%%
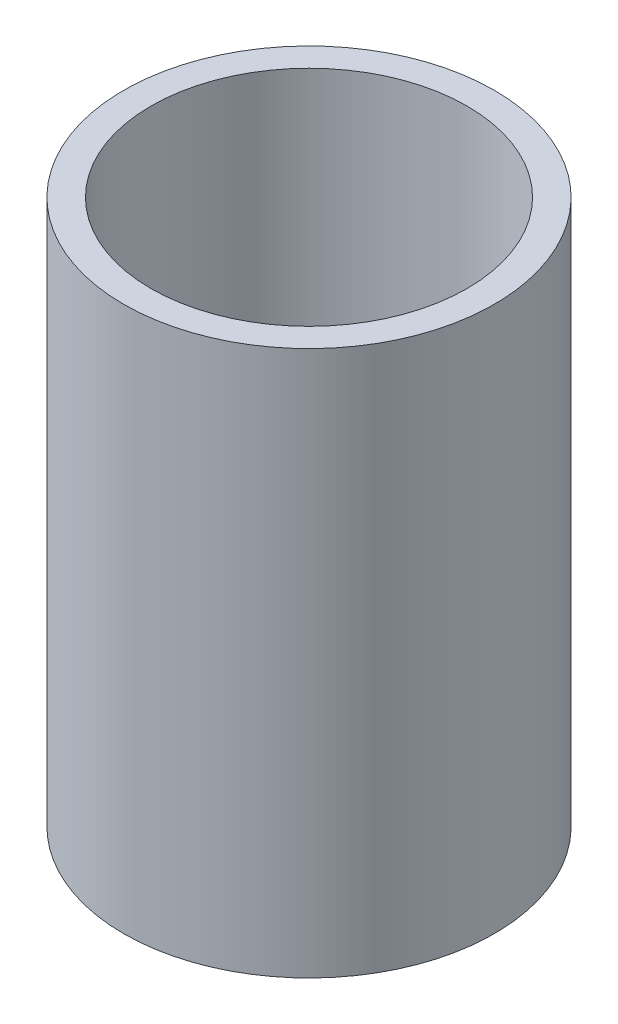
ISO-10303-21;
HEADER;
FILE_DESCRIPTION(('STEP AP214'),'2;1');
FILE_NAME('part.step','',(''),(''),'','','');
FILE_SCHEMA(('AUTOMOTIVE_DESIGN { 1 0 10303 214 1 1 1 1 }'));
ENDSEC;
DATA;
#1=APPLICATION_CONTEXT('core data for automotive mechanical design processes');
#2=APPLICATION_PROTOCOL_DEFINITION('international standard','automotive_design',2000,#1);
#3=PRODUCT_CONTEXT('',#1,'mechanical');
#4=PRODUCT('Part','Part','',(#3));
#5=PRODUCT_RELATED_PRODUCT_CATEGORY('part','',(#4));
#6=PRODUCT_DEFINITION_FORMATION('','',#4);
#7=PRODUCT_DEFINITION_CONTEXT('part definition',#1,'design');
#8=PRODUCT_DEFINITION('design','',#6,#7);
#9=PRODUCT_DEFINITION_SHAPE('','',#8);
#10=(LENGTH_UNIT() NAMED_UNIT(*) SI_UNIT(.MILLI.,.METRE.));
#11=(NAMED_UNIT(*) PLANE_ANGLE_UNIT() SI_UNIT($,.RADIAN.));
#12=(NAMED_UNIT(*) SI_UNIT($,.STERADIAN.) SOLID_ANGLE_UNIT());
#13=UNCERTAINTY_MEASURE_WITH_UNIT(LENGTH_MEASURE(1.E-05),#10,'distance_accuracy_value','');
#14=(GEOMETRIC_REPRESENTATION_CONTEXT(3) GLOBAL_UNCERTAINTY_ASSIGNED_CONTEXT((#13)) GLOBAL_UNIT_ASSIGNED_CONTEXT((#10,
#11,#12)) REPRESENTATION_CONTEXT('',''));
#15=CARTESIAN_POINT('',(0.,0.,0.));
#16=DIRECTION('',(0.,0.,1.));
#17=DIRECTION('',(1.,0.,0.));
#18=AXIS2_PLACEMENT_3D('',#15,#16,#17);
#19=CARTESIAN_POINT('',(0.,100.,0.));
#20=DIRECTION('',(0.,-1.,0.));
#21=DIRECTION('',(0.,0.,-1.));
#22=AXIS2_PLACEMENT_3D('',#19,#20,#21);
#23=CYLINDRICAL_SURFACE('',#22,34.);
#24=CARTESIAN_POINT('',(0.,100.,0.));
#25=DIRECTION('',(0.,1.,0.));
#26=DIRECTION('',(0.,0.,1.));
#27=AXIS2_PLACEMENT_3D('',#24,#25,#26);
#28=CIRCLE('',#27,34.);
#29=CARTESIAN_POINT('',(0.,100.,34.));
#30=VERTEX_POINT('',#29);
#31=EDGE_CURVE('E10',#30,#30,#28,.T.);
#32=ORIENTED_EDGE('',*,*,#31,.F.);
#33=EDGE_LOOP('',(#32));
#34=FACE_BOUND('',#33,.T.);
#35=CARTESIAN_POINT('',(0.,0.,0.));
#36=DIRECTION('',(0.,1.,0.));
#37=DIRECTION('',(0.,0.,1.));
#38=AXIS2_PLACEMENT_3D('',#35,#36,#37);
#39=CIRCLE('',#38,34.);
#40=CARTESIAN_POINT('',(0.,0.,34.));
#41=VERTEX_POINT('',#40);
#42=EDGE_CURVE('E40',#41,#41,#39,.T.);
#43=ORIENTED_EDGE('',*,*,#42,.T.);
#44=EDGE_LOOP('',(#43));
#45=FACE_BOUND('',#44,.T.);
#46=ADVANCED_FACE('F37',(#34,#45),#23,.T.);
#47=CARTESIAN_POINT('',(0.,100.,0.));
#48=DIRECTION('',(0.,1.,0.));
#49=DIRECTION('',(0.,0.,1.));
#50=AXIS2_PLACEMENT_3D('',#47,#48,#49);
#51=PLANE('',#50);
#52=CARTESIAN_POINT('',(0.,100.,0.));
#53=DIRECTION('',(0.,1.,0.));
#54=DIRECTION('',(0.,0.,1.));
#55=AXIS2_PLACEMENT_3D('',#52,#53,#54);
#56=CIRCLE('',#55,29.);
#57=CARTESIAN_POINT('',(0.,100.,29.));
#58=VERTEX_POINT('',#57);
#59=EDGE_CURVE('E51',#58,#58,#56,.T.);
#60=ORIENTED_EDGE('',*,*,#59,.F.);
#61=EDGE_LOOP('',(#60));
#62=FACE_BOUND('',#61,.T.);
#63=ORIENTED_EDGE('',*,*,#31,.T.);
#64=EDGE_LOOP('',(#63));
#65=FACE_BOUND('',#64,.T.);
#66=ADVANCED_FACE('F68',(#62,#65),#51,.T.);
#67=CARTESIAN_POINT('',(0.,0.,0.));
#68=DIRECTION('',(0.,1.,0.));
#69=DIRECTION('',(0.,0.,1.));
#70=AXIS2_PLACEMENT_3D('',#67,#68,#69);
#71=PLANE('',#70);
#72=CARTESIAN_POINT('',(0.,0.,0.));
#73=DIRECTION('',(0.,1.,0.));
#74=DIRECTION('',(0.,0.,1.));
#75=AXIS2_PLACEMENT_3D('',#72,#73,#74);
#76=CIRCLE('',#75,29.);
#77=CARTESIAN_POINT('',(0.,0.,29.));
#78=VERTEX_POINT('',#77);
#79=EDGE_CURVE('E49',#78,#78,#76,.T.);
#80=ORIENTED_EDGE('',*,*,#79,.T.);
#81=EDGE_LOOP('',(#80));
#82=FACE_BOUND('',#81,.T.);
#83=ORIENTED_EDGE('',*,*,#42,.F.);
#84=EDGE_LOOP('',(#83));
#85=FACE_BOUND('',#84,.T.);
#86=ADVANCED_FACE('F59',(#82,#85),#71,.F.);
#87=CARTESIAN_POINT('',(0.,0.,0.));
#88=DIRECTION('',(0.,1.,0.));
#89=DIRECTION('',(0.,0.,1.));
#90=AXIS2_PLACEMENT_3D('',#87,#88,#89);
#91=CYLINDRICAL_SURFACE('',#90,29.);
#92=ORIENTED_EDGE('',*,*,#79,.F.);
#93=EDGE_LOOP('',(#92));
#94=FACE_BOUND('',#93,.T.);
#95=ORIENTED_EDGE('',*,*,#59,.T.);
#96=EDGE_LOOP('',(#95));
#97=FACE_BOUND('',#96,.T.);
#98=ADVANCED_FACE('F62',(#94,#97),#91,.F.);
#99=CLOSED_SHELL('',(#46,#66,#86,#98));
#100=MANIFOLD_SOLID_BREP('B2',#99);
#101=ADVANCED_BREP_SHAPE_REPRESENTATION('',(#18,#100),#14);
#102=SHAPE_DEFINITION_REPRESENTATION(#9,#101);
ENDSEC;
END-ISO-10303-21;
%%
PROBLEM DETAILS: All lines from the one containing "#101=ADVANCED_BREP_SHAPE_REPRESENTATION('',(#18,#100),#14);" to the end of the data above are to be set down exactly; no others belong in the answer.

RESPONSE AREA:
#101=ADVANCED_BREP_SHAPE_REPRESENTATION('',(#18,#100),#14);
#102=SHAPE_DEFINITION_REPRESENTATION(#9,#101);
ENDSEC;
END-ISO-10303-21;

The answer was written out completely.